Alexander filed his appeal regarding the conviction pertaining to Little while his restitution hearing was still pending. Restitution still has not been ordered.

The state sought dismissal of the appeal, which the COA’s motions panel denied.

In Bobby Alexander v. State of Indiana, 49A04-1207-CR-351, the state asked the appellate court to overturn its motions panel’s decision. The state argued based on Haste v. State, 967 N.E.2d 576 (Ind. Ct. App. 2012), that Alexander does not have a final judgment under Appellate Rule 2(H). Although “reluctant” to overrule orders decided by its motions panel, the COA pointed out that the trial court has not entered a restitution order, so it dismissed the appeal.

“Given the procedural limbo in which this case stands, we remand this case to the trial court with instructions for the trial court to enter a restitution order within thirty (30) days of this Court’s opinion,” Judge Rudy Pyle III wrote. After the restitution order is entered, Alexander then can file a notice to appeal.

Pyle noted that it’s common for trial courts to impose a sentence while taking restitution under advisement.

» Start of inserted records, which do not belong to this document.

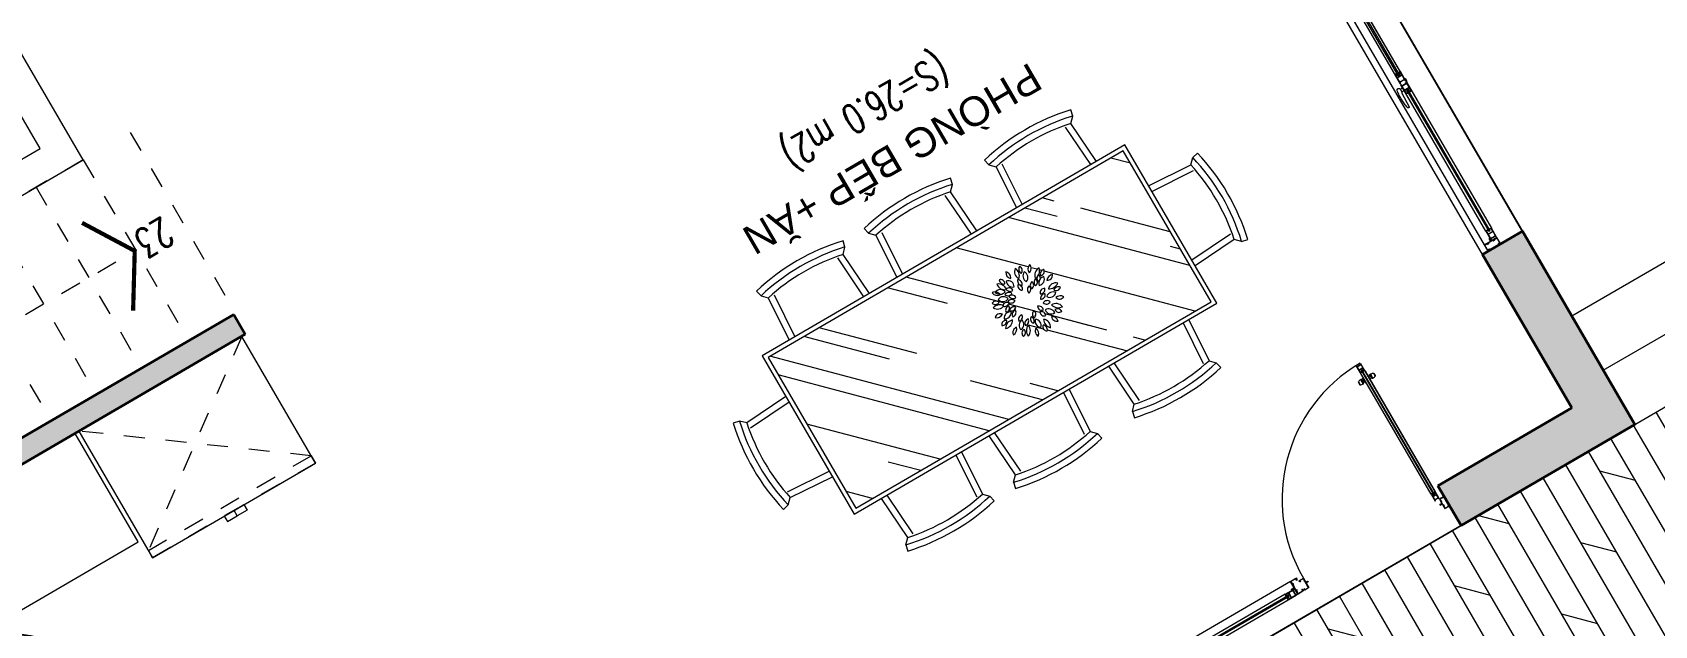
# Model space of a CAD drawing. Header units: millimetres. Extents: x 567980 to 569372, y 2065777 to 2066674.
# Drawn here: x 568857.37 to 568865.12, y 2066281.82 to 2066284.65 of the extents above; entities that cross this region are included whole.
import ezdxf
from ezdxf.enums import TextEntityAlignment as Align
from ezdxf.xclip import XClip

# ---------------------------------------------------------------- set-up
doc = ezdxf.new("R2010")
doc.units = ezdxf.units.MM
for name, pattern in [('CENTER', [3, 1.5, -0.5, 0.5, -0.5]), ('DASHED2', [0.375, 0.25, -0.125]), ('DOT', [0.25, 0, -0.25]), ('HIDDEN', [0.75, 0.5, -0.25])]:
    doc.linetypes.add(name, pattern=pattern)
for name, color, linetype, lineweight in [('A-DIM', 251, 'Continuous', 15), ('A-HATCH', 251, 'Continuous', 5), ('A-TEXT', 7, 'Continuous', 18), ('A-TUONG', 255, 'Continuous', 35), ('E- RANH GIOI', 1, 'CENTER', 13), ('E- THAY', 9, 'Continuous', 20), ('E-Khuat', 251, 'DASHED2', 13), ('E-Manh', 251, 'Continuous', 13), ('i_Hatch', 250, 'Continuous', 13), ('i_ThietBi', 32, 'Continuous', 13), ('LD-CUA', 146, 'Continuous', 13), ('LD-THAY', 9, 'Continuous', 13)]:
    doc.layers.add(name, color=color, linetype=linetype, lineweight=lineweight)
doc.layers.add('ghi_chu', color=7, linetype='Continuous')
doc.layers.add('text', color=7, linetype='Continuous')
doc.styles.add('AA - Arial - Regular', font='arial.ttf', dxfattribs={"height": 250})
doc.styles.add('avh', font='')
doc.styles.add('Dim roman', font='romans.shx', dxfattribs={"width": 0.7})
doc.styles.get('avh').set_extended_font_data('.VnAvantH')

# ---------------------------------------------------------------- blocks, each defined once
blk = doc.blocks.new('A$C33A8190A')
at = {"layer": 'i_ThietBi', "linetype": 'HIDDEN'}
for p, q in [((-899.9, 40), (0, 700)), ((-899.9, 700), (0, 40))]:
    blk.add_line(p, q, dxfattribs=at)
at = {"layer": 'i_ThietBi'}
blk.add_lwpolyline([(-899.9, 700), (0, 700), (0, 0), (-899.9, 0)], close=True, dxfattribs=at)
at = {"layer": 'i_ThietBi', "linetype": 'HIDDEN'}
for points in [[(-899.9, 0), (0, 0), (0, 40), (-899.9, 40)], [(-450, 0), (-504.5, 0), (-504.5, -30.7), (-450, -30.7)], [(-395.4, 0), (-395.4, -30.7), (-450, -30.7), (-450, 0)]]:
    blk.add_lwpolyline(points, close=True, dxfattribs=at)
blk = doc.blocks.new('A$C67F81534')
at = {"color": 2, "linetype": 'Continuous'}
for p, q in [((505, 2254.3), (498, 2284.3)), ((505, 2254.3), (530.4, 2228.3)), ((943.2, 2228.3), (968.5, 2254.3)), ((968.5, 2254.3), (975.6, 2284.3)), ((530.4, 2228.3), (515.4, 2003.6)), ((958.2, 2003.6), (943.2, 2228.3)), ((308.3, 2003.6), (308.3, 0)), ((1183.8, 2003.6), (308.3, 2003.6)), ((1183.8, 0), (1183.8, 2003.6)), ((57.7, 1864.1), (27.6, 1871.1)), ((57.7, 1864.1), (83.7, 1838.7)), ((1434.4, 1864.1), (1408.5, 1838.7)), ((1434.4, 1864.1), (1464.5, 1871.1)), ((83.7, 1838.7), (308.3, 1853.7)), ((1408.5, 1838.7), (1183.8, 1853.7)), ((57.7, 1400.6), (27.6, 1393.5)), ((83.7, 1425.9), (57.7, 1400.6)), ((308.3, 1410.9), (83.7, 1425.9)), ((1183.8, 1410.9), (1408.5, 1425.9)), ((1408.5, 1425.9), (1434.4, 1400.6)), ((1434.4, 1400.6), (1464.5, 1393.5)), ((57.7, 1269.6), (27.6, 1276.6)), ((57.7, 1269.6), (83.7, 1244.3)), ((83.7, 1244.3), (308.3, 1259.2)), ((1408.5, 1244.3), (1183.8, 1259.2)), ((1434.4, 1269.6), (1408.5, 1244.3)), ((1434.4, 1269.6), (1464.5, 1276.6)), ((57.7, 806.1), (27.6, 799)), ((83.7, 831.4), (57.7, 806.1)), ((308.3, 816.4), (83.7, 831.4)), ((1183.8, 816.4), (1408.5, 831.4)), ((1408.5, 831.4), (1434.4, 806.1)), ((1434.4, 806.1), (1464.5, 799)), ((64.2, 608.8), (34.2, 615.8)), ((64.2, 608.8), (90.2, 583.5)), ((90.2, 583.5), (308.3, 598)), ((1401.9, 583.5), (1183.8, 598)), ((1427.9, 608.8), (1401.9, 583.5)), ((1427.9, 608.8), (1458, 615.8)), ((90.2, 170.6), (64.2, 145.3)), ((308.3, 156.1), (90.2, 170.6)), ((1183.8, 156.1), (1401.9, 170.6)), ((1401.9, 170.6), (1427.9, 145.3)), ((64.2, 145.3), (34.2, 138.2)), ((1427.9, 145.3), (1458, 138.2)), ((308.3, 0), (1183.8, 0)), ((530.4, -224.6), (515.4, 0)), ((958.2, 0), (943.2, -224.6)), ((505, -250.6), (530.4, -224.6)), ((943.2, -224.6), (968.5, -250.6)), ((505, -250.6), (498, -280.7)), ((968.5, -250.6), (975.6, -280.7))]:
    blk.add_line(p, q, dxfattribs=at)
at = {"color": 8, "linetype": 'Continuous'}
for p, q in [((561.2, 2226.2), (546.4, 2003.6)), ((328.9, 1983), (328.9, 20.6)), ((1163.2, 1983), (328.9, 1983)), ((1163.2, 20.6), (1163.2, 1983)), ((85.8, 1807.9), (308.3, 1822.7)), ((1406.4, 1807.9), (1183.8, 1822.7)), ((308.3, 1441.9), (85.8, 1456.7)), ((85.8, 1213.4), (308.3, 1228.3)), ((1406.4, 1213.4), (1183.8, 1228.3)), ((308.3, 847.4), (85.8, 862.2)), ((328.9, 20.6), (1163.2, 20.6)), ((561.2, -222.6), (546.4, 0))]:
    blk.add_line(p, q, dxfattribs=at)
at = {"color": 8}
for p, q in [((927.2, 2003.6), (912.4, 2226.2)), ((328.9, 1245.9), (1066.1, 1983)), ((328.9, 1890.8), (421.2, 1983)), ((328.9, 1517.4), (794.6, 1983)), ((328.9, 1138.4), (1163.2, 1972.7)), ((863.9, 1486.7), (1163.2, 1786)), ((328.9, 1624.9), (442.4, 1738.4)), ((821.5, 1359.4), (1163.2, 1701.2)), ((1183.8, 1441.9), (1406.4, 1456.7)), ((954.4, 1113.3), (1163.2, 1322.2)), ((328.9, 951.7), (581, 1203.8)), ((818.5, 875.6), (1163.2, 1220.3)), ((818.5, 875.6), (1163.2, 1220.3)), ((328.9, 866.9), (425.5, 963.4)), ((911.5, 691.4), (1163.2, 943.1)), ((716.9, 774), (805, 862.1)), ((716.9, 774), (805, 862.1)), ((1183.8, 847.4), (1406.4, 862.2)), ((618.3, 777.2), (671.5, 830.5)), ((328.9, 487.9), (605.3, 764.3)), ((462.2, 519.3), (676.9, 734)), ((524.5, 581.6), (676.9, 734)), ((695.7, 752.8), (714.3, 771.4)), ((695.7, 752.8), (714.3, 771.4)), ((328.9, 108.8), (855.8, 635.7)), ((529.2, 20.6), (1163.2, 654.6)), ((864.5, 644.4), (872.2, 652.1)), ((880.2, 660.1), (901.6, 681.5)), ((92.3, 552.6), (308.3, 567)), ((1050.6, 451.5), (1163.2, 564.1)), ((1399.9, 552.6), (1183.8, 567)), ((1121.3, 426), (1163.2, 468)), ((328.9, 386), (368.9, 426)), ((715.9, 20.6), (1027.9, 332.7)), ((308.3, 187), (92.3, 201.4)), ((1183.8, 187), (1399.9, 201.4)), ((1094.9, 20.6), (1163.2, 89)), ((619.7, 20.6), (654.6, 55.5)), ((927.2, 0), (912.4, -222.6))]:
    blk.add_line(p, q, dxfattribs=at)
at = {"color": 2, "linetype": 'Continuous'}
for centre, radius, start, end in [((736.8, 1266.1), 1045.8, 76.80048, 103.19952), ((736.8, 1266.1), 984, 77.89045, 102.10955), ((1045.8, 1632.3), 1045.8, 166.80048, 193.19952), ((1045.8, 1632.3), 1014.9, 166.80048, 193.19952), ((446.3, 1632.3), 1045.8, 346.80048, 13.19952), ((1045.8, 1632.3), 984, 167.89045, 192.10955), ((446.3, 1632.3), 984, 347.89045, 12.10955), ((1045.8, 1037.8), 1045.8, 166.80048, 193.19952), ((1045.8, 1037.8), 1014.9, 166.80048, 193.19952), ((1045.8, 1037.8), 984, 167.89045, 192.10955), ((446.3, 1037.8), 984, 347.89045, 12.10955), ((446.3, 1037.8), 1045.8, 346.80048, 13.19952), ((1052.4, 377), 1045.8, 166.80048, 193.19952), ((1052.4, 377), 1014.9, 166.80048, 193.19952), ((1052.4, 377), 984, 167.89045, 192.10955), ((439.8, 377), 984, 347.89045, 12.10955), ((439.8, 377), 1014.9, 346.80048, 13.19952), ((439.8, 377), 1045.8, 346.80048, 13.19952), ((736.8, 737.5), 984, 257.89045, 282.10955), ((736.8, 737.5), 1045.8, 256.80048, 283.19952)]:
    blk.add_arc(centre, radius, start, end, dxfattribs=at)
at = {"color": 8, "linetype": 'Continuous'}
for centre, start, end in [((736.8, 1266.1), 76.80048, 103.19952), ((446.3, 1632.3), 346.80048, 13.19952), ((446.3, 1037.8), 346.80048, 13.19952), ((736.8, 737.5), 256.80048, 283.19952)]:
    blk.add_arc(centre, 1014.9, start, end, dxfattribs=at)
at = {"color": 8}
for centre, radius, start, end in [((747, 917.8), 37.6, 156.03847, 244.43592), ((688.2, 896.2), 44.3, 343.98657, 56.48783), ((753.3, 929.5), 23.7, 148.79078, 240.76243), ((726.3, 922.4), 20.5, 318.64093, 70.91228), ((804.4, 929.1), 30.9, 137.03102, 215.07005), ((762.9, 932), 26.2, 308.1934, 43.90767), ((843.8, 900.6), 37.6, 116.03847, 204.43592), ((784.9, 921.8), 44.3, 303.98657, 16.48783), ((630.6, 814.3), 44.3, 23.98657, 96.48783), ((661.7, 868.7), 37.6, 196.03847, 284.43592), ((642.9, 859), 20.5, 358.64093, 110.91228), ((659, 881.8), 23.7, 188.79078, 280.76243), ((664.8, 889.8), 26.2, 348.1934, 83.90767), ((698.5, 914.3), 30.9, 177.03102, 255.07005), ((678.3, 844.7), 29.1, 358.57828, 107.9127), ((701.4, 875.7), 32.2, 185.83303, 280.65795), ((731.2, 855.6), 23.2, 171.2967, 266.12163), ((709.5, 838.3), 20.9, 344.04195, 93.37638), ((764.9, 871.1), 23.2, 171.2967, 266.12163), ((743.2, 853.7), 20.9, 344.04195, 93.37638), ((781.8, 897.6), 32.2, 145.83303, 240.65795), ((744.3, 888.8), 29.1, 318.57828, 67.9127), ((791.2, 856.4), 23.2, 131.2967, 226.12163), ((763.4, 857), 20.9, 304.04195, 53.37638), ((799.1, 887.8), 23.2, 171.2967, 266.12163), ((777.4, 870.4), 20.9, 344.04195, 93.37638), ((821.8, 838.4), 20.9, 104.04195, 213.37638), ((825.4, 873.1), 23.2, 131.2967, 226.12163), ((795.9, 848.5), 23.2, 291.2967, 26.12163), ((797.6, 873.7), 20.9, 304.04195, 53.37638), ((857.6, 862.7), 32.2, 105.83303, 200.65795), ((823.1, 880.1), 29.1, 278.57828, 27.9127), ((856.2, 905.5), 23.7, 108.79078, 200.76243), ((831, 917.4), 20.5, 278.64093, 30.91228), ((858.8, 833.8), 20.9, 104.04195, 213.37638), ((832.9, 843.9), 23.2, 291.2967, 26.12163), ((894.6, 858.1), 32.2, 105.83303, 200.65795), ((865.2, 901.2), 26.2, 268.1934, 3.90767), ((895.1, 872.4), 30.9, 97.03102, 175.07005), ((860.1, 875.5), 29.1, 278.57828, 27.9127), ((907, 825.2), 37.6, 76.03847, 164.43592), ((875.5, 879.3), 44.3, 263.98657, 336.48783), ((619.8, 756.8), 20.5, 38.64093, 150.91228), ((616.8, 794.5), 26.2, 28.1934, 123.90767), ((626.8, 834.8), 30.9, 217.03102, 295.07005), ((656.1, 768.6), 29.1, 38.57828, 147.9127), ((653.9, 807.2), 32.2, 225.83303, 320.65795), ((680.2, 789.2), 20.9, 24.04195, 133.37638), ((685.7, 816.5), 23.2, 211.2967, 306.12163), ((698.6, 839.8), 23.2, 171.2967, 266.12163), ((676.9, 822.4), 20.9, 344.04195, 93.37638), ((694.6, 767.9), 23.2, 11.2967, 106.12163), ((709, 791.6), 20.9, 184.04195, 293.37638), ((837.7, 818.4), 23.2, 91.2967, 186.12163), ((816.8, 836.8), 20.9, 264.04195, 13.37638), ((848.8, 759.4), 23.2, 51.2967, 146.12163), ((844.6, 786.9), 20.9, 224.04195, 333.37638), ((874.7, 813.8), 23.2, 91.2967, 186.12163), ((853.8, 832.1), 20.9, 264.04195, 13.37638), ((893.2, 787.3), 32.2, 65.83303, 160.65795), ((877.9, 822.8), 29.1, 238.57828, 347.9127), ((919.6, 821), 23.7, 68.79078, 160.76243), ((907.9, 846.3), 20.5, 238.64093, 350.91228), ((928.1, 770.6), 30.9, 57.03102, 135.07005), ((923.7, 811.9), 26.2, 228.1934, 323.90767), ((617.5, 784.6), 23.7, 228.79078, 320.76243), ((639.1, 714.7), 44.3, 63.98657, 136.48783), ((627.9, 776.3), 37.6, 236.03847, 324.43592), ((641.3, 690.6), 26.2, 68.1934, 163.90767), ((623, 727.9), 30.9, 257.03102, 335.07005), ((688, 696), 29.1, 78.57828, 187.9127), ((661.5, 724.1), 32.2, 265.83303, 0.65795), ((689.3, 732.8), 20.9, 64.04195, 173.37638), ((676, 757.2), 23.2, 251.2967, 346.12163), ((717.8, 729), 20.9, 64.04195, 173.37638), ((704.4, 753.4), 23.2, 251.2967, 346.12163), ((732.6, 695.5), 20.9, 104.04195, 213.37638), ((706.7, 705.6), 23.2, 291.2967, 26.12163), ((766.5, 705.8), 20.9, 144.04195, 253.37638), ((740.2, 696.9), 23.2, 331.2967, 66.12163), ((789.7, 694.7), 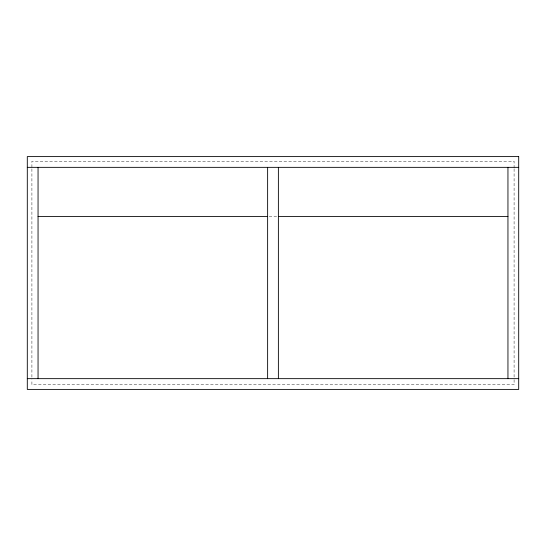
<?xml version="1.0" encoding="UTF-8"?>
<svg xmlns="http://www.w3.org/2000/svg" width="546" height="546" viewBox="0 0 546 546"><rect width="100%" height="100%" fill="white"/><g stroke="black" fill="none" stroke-linecap="round" stroke-linejoin="round"><path stroke-width="0.41" stroke-dasharray="2.73 2.05" d="M269.164 216.489L276.836 216.489M514.093 168.011L514.093 161.206L31.907 161.206L31.907 168.011M514.093 168.857L514.093 378.842M514.093 379.695L514.093 384.793L31.907 384.793L31.907 379.695M31.907 168.857L31.907 378.842"/><path stroke-width="0.82" d="M27.3 167.349L518.7 167.349M38.049 216.489L267.458 216.489M278.542 216.489L507.951 216.489M27.3 378.651L518.7 378.651M507.951 167.349L507.951 378.651M278.378 167.349L278.378 378.651M267.629 167.349L267.629 378.651M38.049 167.349L38.049 378.651M518.7 156.6L27.3 156.6L27.3 389.4L518.7 389.4L518.7 156.6"/></g></svg>

“This practice, however, can prove to be problematic—as it has in this case—because it delays a defendant’s ability to begin an appeal due to the fact that a final order has not been entered. Consequently, this practice would affect a trial judge’s ability to advise a defendant of his appellate rights,” he explained. “Furthermore, when a trial court enters a sentence but takes restitution under advisement, the trial court is still subject to the ninety (90) day time limitation in Indiana Trial Rule 53.2 ('the lazy judge rule'), which is applicable to criminal proceedings pursuant to Indiana Criminal Rule 15. Therefore, the best practice would be for trial courts to enter an order of restitution at the same time as sentencing.”